Как высоко я забрался! Я не мог не думать об этом, я любовался своим успехом, как человек, из земли которого брызнула нефть, любуется своим нефтяным фонтаном. Я искал в прошлом примеров для сравнения и не находил ничего, кроме разве истории с Иосифом, однако даже судьба Иосифа, хотя и напоминала мою, не могла с ней сравниться. Ибо не надо забывать, что блестящие финансовые способности Иосифа не принесли пользу никому, кроме фараона, и, следовательно, широкая публика имела полное право относиться к нему с неприязнью, тогда как я, пощадив солнце, облагодетельствовал всех и потому пользовался всеобщей любовью.
Я не был тенью короля — я был сущностью; король сам был тенью. Моя власть была огромна; и не только по званию, как часто бывает, а по-настоящему. Я стоял у самого истока второго великого периода мировой истории и мог наблюдать, как узенький ручеек истории становился все глубже, все шире и катил свои мощные струи в отдаленные века; я видел под сенью бесчисленных тронов таких же авантюристов, как я: де-Монфоров, Гэвстонов, Мортимеров, Вилльерсов, видел ведущих войны и предводительствующих походами французских фаворитов и правивших страной любовниц Карла Второго, но равного себе я среди них не находил.
Я был Единственным; и мне отрадно было думать, что по крайней мере в течение тринадцати с половиной веков этот факт никому не удастся ни утаить, ни опровергнуть.
Да, могуществом я был равен королю. Но в государстве существовала еще одна власть, которая была могущественнее и меня и короля вместе взятых. То была власть церкви. Я не хочу скрывать этот факт. Я не мог бы его скрыть, даже если бы захотел. Но не стоит говорить о нем сейчас; я расскажу об этом в свое время и в своем месте. Вначале церковь не причиняла мне никаких сколько-нибудь заметных неприятностей.
Какая это была забавная и любопытная страна! И какой народ! Милый, простодушный и доверчивый — ну просто кролики! Человеку, родившемуся в здоровой атмосфере свободы, жалко было слушать, как искренне и смиренно клялись они в своей верности королю, церкви и знати; а между тем у них было не больше оснований любить и почитать короля, церковь и знать, чем у раба любить и почитать кнут или у собаки любить и почитать прохожего, который бьет ее! Ей-богу, любая монархия, даже самая умеренная, и любая аристократия, даже самая скромная, оскорбительны; но если вы родились и выросли под властью монархии и аристократии, вы никогда сами не догадаетесь об оскорбительности своего положения и не поверите, если кто-нибудь вам об этом скажет. Становится стыдно за свой народ, когда подумаешь, какие мыльные пузыри постоянно восседали на его тронах без всякого права и основания и какие третьесортные людишки считались его аристократией; если бы всех этих монархов и вельмож предоставить самим себе, как предоставляют куда более достойных, они никогда не выбились бы из нищеты и неизвестности.

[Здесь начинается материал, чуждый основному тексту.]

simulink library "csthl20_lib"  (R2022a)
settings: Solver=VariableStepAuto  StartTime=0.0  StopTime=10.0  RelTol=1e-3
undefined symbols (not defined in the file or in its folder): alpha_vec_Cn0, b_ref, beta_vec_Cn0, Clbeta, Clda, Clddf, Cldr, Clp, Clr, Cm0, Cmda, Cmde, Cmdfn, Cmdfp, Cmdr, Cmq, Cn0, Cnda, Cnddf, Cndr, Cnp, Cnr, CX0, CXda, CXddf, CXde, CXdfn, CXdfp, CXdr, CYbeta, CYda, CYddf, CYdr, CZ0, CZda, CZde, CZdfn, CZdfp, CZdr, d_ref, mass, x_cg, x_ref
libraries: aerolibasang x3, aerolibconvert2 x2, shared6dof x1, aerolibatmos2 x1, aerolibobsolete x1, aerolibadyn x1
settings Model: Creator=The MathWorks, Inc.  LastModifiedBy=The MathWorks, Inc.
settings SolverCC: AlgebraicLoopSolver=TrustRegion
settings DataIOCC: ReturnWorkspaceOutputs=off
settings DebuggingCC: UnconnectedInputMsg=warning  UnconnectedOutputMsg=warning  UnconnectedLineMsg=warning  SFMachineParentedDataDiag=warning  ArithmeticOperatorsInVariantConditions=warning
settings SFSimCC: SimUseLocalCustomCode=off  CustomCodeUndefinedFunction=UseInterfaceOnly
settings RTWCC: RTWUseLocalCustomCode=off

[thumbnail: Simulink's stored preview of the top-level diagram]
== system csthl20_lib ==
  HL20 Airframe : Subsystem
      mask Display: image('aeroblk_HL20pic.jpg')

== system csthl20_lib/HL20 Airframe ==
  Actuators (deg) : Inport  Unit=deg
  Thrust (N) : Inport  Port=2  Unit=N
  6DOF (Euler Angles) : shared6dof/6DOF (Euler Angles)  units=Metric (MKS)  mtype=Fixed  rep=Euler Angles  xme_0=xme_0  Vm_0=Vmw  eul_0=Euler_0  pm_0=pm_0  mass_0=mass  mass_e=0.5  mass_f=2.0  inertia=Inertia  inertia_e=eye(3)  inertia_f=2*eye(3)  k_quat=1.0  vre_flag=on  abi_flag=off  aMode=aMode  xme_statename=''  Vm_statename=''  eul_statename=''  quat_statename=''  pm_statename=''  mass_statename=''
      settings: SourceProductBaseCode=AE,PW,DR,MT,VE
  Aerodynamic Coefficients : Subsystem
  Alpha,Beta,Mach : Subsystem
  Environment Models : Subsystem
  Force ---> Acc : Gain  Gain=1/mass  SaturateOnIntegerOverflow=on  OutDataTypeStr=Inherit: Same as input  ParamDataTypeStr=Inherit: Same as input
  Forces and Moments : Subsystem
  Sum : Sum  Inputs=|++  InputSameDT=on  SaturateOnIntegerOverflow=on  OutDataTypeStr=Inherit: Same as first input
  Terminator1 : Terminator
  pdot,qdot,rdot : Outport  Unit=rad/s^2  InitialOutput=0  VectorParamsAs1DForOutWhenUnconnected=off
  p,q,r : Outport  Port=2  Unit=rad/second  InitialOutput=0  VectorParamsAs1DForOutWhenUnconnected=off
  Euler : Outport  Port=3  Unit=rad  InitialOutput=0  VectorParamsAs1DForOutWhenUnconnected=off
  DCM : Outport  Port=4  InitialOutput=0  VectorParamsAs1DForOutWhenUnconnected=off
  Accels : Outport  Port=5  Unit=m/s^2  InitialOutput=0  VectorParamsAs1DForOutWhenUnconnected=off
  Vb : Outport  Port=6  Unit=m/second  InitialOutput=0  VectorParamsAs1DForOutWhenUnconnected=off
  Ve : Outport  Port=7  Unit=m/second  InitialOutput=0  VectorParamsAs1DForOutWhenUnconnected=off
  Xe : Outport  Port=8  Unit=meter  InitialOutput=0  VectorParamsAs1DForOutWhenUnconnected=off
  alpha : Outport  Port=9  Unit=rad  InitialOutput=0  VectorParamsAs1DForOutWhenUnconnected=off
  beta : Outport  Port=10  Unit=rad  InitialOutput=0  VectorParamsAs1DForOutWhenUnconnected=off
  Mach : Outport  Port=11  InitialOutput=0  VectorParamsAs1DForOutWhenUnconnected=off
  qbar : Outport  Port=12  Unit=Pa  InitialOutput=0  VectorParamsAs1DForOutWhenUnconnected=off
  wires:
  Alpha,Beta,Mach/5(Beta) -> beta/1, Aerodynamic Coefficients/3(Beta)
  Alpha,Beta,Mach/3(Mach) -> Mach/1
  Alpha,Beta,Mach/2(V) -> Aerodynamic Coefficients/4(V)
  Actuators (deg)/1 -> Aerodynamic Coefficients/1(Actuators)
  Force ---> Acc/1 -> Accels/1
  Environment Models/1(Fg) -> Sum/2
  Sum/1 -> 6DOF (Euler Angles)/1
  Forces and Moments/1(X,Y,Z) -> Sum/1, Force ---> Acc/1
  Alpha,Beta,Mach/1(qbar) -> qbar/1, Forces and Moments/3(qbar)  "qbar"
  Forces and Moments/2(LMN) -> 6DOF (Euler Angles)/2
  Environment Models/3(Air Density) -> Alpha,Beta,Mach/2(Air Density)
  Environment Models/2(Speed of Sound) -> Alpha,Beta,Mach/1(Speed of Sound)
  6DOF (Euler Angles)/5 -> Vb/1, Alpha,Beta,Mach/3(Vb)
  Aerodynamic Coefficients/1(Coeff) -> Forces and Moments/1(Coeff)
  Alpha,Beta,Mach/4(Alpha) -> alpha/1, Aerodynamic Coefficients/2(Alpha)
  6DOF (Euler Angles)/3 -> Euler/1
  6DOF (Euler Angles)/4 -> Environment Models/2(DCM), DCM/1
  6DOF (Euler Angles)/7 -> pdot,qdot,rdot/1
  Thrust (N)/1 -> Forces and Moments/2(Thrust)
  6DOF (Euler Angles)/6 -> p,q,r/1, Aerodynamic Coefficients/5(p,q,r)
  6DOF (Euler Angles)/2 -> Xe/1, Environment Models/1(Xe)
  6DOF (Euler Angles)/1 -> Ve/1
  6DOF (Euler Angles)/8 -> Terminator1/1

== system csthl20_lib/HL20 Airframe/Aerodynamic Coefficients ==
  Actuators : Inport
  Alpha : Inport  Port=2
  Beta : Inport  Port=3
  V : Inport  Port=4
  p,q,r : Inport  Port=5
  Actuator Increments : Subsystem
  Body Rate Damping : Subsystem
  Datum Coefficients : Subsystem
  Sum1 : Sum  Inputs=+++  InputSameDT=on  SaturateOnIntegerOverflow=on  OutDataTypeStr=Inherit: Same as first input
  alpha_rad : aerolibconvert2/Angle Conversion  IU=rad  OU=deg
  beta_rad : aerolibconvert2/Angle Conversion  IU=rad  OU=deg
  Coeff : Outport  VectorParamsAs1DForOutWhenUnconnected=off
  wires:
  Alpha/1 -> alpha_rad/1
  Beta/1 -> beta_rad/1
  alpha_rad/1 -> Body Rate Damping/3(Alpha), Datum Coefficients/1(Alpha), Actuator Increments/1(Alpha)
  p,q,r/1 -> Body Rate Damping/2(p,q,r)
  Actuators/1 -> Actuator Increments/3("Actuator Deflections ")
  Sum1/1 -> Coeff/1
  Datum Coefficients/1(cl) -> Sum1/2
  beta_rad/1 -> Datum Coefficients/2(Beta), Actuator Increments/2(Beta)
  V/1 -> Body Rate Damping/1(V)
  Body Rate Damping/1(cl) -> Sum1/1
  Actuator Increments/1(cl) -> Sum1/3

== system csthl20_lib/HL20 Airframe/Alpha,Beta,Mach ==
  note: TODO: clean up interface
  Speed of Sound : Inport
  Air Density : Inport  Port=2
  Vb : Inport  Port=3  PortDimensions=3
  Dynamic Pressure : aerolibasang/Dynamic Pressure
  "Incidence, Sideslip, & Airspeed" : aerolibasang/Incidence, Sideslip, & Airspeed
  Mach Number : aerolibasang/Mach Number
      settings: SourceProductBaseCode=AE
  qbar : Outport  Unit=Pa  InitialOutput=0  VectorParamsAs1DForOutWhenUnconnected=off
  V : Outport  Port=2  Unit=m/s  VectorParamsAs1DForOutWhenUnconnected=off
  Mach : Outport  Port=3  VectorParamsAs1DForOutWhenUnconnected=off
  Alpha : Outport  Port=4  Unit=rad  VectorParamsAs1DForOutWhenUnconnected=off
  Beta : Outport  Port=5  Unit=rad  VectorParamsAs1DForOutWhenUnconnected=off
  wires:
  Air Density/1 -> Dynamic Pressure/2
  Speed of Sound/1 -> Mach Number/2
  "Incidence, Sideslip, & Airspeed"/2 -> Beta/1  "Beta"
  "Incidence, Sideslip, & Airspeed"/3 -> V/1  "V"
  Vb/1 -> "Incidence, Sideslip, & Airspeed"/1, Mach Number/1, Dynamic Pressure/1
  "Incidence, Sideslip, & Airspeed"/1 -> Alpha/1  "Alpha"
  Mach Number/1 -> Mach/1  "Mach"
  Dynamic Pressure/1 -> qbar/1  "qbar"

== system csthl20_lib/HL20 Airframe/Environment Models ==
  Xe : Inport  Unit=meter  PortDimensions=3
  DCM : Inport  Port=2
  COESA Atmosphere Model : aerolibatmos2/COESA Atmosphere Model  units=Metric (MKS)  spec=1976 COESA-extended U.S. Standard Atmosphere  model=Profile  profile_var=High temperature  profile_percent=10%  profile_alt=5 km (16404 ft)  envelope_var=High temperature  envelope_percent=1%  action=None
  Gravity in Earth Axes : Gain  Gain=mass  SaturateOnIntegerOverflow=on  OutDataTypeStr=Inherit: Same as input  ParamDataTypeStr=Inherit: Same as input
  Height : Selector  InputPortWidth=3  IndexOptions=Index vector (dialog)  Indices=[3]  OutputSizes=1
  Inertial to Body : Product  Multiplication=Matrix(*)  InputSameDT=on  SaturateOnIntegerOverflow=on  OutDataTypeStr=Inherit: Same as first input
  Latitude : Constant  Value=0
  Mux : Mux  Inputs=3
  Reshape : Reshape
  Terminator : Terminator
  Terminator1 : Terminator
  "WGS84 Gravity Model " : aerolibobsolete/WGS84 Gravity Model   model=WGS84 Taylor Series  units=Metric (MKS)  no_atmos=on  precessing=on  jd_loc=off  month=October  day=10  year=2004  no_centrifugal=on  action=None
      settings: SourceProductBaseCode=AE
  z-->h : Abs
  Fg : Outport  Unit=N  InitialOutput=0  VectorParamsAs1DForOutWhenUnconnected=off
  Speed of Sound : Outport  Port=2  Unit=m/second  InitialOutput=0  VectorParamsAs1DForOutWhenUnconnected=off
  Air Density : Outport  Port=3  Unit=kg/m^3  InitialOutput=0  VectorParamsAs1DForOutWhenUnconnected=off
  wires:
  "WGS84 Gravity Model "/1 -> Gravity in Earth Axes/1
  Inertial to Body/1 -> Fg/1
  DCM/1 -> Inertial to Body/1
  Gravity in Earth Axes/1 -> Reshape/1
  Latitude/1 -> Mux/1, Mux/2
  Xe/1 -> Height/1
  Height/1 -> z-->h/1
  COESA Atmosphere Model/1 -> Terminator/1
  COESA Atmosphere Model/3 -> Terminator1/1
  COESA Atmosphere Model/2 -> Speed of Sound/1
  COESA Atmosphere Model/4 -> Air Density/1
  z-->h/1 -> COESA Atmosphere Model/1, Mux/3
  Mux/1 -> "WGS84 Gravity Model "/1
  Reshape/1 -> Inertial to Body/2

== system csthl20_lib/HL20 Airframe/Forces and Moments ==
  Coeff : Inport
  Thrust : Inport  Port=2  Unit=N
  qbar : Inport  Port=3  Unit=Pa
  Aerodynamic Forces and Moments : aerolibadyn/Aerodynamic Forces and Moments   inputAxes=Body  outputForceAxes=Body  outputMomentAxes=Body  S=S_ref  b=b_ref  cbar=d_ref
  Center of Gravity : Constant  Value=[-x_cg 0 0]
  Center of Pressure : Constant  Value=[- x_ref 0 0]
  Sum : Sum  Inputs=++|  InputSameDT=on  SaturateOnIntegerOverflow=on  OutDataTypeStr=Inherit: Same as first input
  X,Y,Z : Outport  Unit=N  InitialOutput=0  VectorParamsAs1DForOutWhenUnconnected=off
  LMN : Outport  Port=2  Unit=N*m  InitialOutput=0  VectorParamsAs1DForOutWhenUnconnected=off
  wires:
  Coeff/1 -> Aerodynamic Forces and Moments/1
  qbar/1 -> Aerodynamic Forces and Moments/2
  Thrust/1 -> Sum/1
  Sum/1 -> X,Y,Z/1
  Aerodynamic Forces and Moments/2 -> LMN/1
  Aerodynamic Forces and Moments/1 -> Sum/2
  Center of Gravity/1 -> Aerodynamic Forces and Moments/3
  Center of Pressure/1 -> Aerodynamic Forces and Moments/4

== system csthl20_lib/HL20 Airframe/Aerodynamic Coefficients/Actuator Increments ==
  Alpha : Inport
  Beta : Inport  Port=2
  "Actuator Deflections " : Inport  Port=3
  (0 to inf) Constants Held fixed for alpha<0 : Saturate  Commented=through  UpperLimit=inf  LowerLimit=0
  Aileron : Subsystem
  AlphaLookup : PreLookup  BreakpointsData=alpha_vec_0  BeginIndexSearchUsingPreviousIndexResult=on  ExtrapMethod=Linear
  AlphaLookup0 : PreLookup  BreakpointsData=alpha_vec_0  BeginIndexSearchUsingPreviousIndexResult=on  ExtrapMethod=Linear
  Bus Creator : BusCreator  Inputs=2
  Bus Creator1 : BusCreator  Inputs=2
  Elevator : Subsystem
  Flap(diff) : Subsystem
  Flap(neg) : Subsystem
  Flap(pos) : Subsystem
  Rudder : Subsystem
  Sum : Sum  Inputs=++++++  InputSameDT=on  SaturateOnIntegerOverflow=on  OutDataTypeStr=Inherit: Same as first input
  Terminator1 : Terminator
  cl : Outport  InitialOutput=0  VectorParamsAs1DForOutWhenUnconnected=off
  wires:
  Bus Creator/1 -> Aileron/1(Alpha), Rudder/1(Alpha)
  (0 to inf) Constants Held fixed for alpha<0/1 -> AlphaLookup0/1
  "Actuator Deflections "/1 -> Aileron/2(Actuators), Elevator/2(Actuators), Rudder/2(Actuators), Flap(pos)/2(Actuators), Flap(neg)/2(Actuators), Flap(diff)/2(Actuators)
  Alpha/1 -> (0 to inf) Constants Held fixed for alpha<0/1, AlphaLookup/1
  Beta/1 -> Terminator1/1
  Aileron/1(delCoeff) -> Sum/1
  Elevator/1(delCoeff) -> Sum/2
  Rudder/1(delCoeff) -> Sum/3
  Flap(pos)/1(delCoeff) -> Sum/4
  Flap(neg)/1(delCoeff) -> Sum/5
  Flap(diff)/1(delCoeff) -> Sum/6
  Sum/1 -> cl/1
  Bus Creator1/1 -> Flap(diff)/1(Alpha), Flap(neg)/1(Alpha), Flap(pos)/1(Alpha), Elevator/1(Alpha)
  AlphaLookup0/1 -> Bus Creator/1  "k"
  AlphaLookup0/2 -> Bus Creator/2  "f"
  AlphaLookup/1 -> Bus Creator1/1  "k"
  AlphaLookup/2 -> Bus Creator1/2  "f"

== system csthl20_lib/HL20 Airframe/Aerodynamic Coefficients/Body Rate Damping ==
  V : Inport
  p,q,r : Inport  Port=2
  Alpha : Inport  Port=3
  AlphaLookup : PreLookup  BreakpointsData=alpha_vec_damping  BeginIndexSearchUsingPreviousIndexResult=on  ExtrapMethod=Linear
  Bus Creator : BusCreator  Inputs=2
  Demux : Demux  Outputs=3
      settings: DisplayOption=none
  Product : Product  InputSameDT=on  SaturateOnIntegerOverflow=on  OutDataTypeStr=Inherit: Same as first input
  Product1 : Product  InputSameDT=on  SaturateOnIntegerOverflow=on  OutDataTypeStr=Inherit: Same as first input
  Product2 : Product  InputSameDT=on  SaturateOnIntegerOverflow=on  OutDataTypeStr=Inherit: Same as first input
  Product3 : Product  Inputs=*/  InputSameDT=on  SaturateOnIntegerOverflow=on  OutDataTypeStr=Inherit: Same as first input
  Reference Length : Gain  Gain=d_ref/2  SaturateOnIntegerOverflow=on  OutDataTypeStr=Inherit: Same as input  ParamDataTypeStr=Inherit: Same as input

Большая часть британского народа при короле Артуре состояла из рабов, самых настоящих; они так рабами и назывались и в знак рабства носили железные ошейники; остальные тоже были рабы, хотя не назывались рабами; они воображали себя свободными людьми, и их именовали: «свободные люди». По правде говоря, вся нация в целом существовала только для того, чтобы пресмыкаться перед королем, церковью и знатью, чтобы рабски служить им, чтобы проливать за них кровь, чтобы, умирая с голоду, кормить их, чтобы, работая, предоставить им возможность забавляться, чтобы, терпя нужду и горе, делать их счастливыми, чтобы, ходя голыми, дать им возможность носить шелка и драгоценные каменья, чтобы, платя налоги, избавить их от необходимости платить, чтобы, слыша от них только брань в течение всей своей жизни, позволять знатным кичиться и чувствовать себя земными богами. И в благодарность получать только побои и презрение; впрочем, в своем духовном убожестве они даже такое проявление внимания принимали за честь.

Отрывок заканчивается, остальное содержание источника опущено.